====== Material for this exercise
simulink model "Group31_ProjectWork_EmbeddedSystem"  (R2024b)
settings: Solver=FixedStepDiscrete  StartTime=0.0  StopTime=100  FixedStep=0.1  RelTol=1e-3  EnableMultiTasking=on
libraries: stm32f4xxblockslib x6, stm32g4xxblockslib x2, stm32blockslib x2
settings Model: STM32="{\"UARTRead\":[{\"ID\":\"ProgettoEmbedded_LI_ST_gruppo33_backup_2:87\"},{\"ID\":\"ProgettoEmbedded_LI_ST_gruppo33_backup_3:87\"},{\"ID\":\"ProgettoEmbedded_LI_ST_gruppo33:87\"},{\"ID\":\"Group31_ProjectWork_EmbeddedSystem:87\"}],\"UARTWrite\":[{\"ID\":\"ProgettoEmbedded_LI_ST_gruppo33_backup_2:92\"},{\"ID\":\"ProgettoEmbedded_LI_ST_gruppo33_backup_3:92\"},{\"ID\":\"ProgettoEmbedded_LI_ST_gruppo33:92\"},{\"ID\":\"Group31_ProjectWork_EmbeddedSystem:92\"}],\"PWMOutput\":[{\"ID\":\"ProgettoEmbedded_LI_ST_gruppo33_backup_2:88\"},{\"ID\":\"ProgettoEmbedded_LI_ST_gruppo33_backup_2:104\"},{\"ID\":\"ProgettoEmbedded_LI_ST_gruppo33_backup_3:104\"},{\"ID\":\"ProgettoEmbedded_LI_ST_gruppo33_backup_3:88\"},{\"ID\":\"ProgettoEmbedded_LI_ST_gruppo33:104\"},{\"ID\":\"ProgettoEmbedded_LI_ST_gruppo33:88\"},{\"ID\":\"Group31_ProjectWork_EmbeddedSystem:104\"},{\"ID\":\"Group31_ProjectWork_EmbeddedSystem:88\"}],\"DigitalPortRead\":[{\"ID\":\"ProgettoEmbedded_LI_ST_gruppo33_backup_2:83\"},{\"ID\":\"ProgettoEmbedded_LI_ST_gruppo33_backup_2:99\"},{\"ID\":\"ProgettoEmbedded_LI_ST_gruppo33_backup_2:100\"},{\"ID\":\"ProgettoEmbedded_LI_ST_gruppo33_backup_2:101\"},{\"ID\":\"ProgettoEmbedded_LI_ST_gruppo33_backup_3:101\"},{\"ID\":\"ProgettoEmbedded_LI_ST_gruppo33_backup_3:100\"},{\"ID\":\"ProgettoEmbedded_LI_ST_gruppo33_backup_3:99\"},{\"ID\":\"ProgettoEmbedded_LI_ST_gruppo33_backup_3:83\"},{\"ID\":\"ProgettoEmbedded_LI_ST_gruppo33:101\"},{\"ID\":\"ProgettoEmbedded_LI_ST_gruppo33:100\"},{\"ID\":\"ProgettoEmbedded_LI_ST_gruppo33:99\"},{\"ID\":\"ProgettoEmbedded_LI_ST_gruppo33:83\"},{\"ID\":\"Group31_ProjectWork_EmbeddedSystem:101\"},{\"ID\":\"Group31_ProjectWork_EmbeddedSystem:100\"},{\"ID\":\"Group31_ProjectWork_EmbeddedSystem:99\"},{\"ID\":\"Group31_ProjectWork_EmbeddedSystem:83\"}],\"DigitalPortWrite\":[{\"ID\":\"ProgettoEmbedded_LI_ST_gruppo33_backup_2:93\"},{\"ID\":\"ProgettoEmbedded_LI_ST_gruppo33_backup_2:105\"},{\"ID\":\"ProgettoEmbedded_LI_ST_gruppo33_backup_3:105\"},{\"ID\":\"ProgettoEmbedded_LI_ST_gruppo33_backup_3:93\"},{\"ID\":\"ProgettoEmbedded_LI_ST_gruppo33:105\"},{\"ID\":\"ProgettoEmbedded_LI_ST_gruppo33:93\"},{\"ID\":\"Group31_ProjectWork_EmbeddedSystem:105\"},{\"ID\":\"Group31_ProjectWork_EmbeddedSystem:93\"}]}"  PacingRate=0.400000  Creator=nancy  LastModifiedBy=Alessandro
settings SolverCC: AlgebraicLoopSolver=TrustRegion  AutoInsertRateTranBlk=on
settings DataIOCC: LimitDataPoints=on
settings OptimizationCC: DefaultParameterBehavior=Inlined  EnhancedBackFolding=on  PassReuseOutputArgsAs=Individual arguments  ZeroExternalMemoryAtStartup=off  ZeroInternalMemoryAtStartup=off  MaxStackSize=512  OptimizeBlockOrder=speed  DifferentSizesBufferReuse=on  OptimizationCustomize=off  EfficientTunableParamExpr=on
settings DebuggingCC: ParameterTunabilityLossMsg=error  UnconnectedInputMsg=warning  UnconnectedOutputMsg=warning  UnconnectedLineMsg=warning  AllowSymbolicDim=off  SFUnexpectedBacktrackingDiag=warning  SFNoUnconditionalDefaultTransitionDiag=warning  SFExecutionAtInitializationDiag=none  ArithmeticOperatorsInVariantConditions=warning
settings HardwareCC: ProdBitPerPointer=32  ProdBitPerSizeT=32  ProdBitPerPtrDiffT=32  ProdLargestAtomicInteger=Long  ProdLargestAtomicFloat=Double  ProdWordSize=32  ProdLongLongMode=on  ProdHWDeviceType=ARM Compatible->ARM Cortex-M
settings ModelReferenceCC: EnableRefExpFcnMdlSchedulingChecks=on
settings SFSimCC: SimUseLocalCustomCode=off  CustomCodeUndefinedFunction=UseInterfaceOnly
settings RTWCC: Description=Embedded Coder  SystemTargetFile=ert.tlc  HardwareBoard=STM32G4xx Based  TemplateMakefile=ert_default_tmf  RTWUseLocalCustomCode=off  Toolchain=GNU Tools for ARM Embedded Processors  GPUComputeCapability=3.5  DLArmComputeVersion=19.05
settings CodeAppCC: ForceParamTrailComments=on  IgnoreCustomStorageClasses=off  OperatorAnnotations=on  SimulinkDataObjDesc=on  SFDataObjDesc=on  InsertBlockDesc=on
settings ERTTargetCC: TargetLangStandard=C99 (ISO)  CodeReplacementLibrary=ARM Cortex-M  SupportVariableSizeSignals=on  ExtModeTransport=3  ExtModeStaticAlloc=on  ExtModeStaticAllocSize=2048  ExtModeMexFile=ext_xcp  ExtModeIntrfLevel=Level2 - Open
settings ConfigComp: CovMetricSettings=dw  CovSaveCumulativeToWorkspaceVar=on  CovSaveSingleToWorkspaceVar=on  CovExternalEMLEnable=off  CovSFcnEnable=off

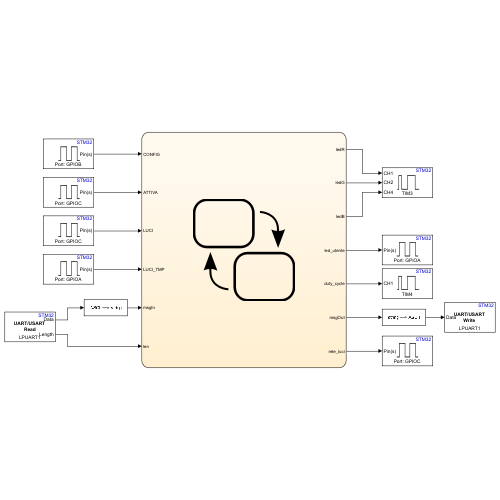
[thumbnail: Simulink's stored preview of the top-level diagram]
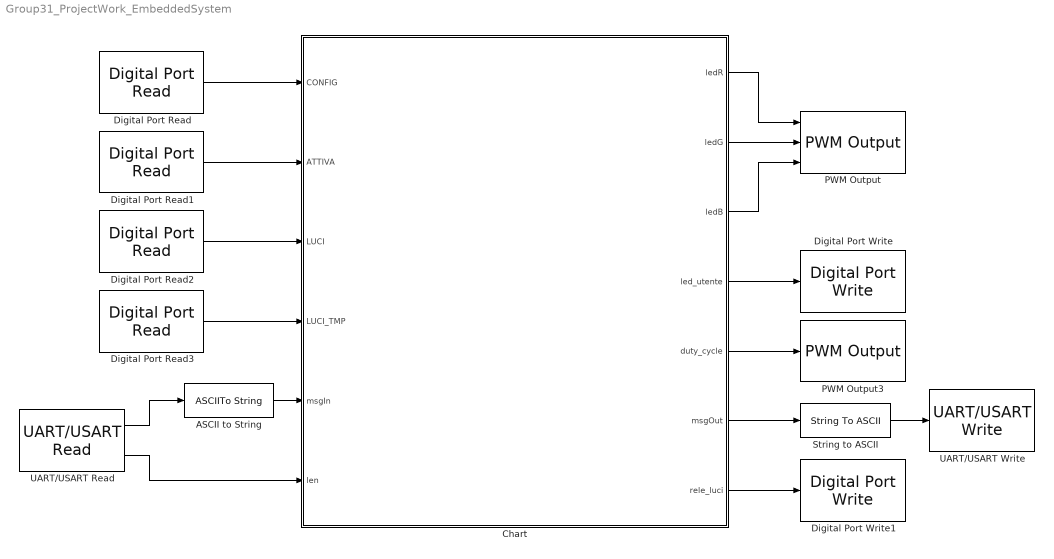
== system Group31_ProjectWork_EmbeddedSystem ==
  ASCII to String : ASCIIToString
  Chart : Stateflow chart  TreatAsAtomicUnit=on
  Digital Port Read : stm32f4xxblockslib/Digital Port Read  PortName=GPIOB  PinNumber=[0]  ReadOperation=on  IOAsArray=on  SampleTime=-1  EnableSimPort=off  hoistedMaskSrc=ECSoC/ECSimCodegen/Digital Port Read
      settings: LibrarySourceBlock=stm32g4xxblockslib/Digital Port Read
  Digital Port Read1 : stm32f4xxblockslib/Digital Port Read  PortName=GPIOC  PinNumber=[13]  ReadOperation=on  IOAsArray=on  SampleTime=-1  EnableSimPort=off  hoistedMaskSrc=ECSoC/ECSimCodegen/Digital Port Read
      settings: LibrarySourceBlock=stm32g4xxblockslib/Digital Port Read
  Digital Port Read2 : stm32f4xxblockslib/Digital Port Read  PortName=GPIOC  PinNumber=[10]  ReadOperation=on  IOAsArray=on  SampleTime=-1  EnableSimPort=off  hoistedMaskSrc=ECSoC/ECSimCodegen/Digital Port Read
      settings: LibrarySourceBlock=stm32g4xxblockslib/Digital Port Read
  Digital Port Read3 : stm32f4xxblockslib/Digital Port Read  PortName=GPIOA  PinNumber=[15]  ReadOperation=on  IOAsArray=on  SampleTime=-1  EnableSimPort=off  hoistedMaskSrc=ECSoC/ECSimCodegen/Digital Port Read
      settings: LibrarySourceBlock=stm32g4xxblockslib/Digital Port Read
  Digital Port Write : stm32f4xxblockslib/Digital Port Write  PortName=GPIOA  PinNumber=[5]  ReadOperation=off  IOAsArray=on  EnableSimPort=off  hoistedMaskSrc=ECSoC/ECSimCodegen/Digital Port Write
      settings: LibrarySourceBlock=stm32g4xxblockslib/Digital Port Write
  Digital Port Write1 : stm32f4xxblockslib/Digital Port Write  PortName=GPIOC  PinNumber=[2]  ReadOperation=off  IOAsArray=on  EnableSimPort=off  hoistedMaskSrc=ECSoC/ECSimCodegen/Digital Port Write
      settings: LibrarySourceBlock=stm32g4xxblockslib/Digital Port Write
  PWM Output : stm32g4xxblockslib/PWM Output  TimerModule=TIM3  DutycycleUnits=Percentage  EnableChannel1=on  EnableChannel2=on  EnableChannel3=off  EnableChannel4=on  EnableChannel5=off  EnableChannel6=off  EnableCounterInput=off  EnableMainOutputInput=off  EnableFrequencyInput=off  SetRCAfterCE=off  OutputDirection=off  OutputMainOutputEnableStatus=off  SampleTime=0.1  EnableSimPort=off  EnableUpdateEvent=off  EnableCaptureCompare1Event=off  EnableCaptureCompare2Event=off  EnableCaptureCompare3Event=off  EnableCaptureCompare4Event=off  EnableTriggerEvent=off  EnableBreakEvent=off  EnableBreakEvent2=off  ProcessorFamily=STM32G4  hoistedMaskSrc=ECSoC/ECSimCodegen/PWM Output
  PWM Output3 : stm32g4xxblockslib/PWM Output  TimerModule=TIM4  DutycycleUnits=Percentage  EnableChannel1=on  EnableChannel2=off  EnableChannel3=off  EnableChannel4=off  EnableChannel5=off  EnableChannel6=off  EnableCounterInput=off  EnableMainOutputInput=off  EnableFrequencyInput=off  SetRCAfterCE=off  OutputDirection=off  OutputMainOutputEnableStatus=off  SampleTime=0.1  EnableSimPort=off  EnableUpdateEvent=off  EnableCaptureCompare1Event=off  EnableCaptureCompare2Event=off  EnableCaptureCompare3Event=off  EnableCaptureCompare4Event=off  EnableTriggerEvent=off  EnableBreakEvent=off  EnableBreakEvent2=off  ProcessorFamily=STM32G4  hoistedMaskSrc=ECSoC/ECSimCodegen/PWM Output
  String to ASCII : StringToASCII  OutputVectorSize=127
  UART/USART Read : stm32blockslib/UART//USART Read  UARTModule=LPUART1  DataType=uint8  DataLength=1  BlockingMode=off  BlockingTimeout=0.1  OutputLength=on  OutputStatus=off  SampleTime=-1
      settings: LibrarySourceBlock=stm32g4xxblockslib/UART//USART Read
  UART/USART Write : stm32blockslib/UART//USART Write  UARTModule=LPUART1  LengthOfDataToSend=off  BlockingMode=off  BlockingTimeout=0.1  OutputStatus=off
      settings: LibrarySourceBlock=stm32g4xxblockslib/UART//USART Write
============
Problem to work on: Please reproduce, exactly as written, the lines of the records from the first line through the one containing "libraries: stm32f4xxblockslib x6, stm32g4xxblockslib".

Output:
simulink model "Group31_ProjectWork_EmbeddedSystem"  (R2024b)
settings: Solver=FixedStepDiscrete  StartTime=0.0  StopTime=100  FixedStep=0.1  RelTol=1e-3  EnableMultiTasking=on
libraries: stm32f4xxblockslib x6, stm32g4xxblockslib x2, stm32blockslib x2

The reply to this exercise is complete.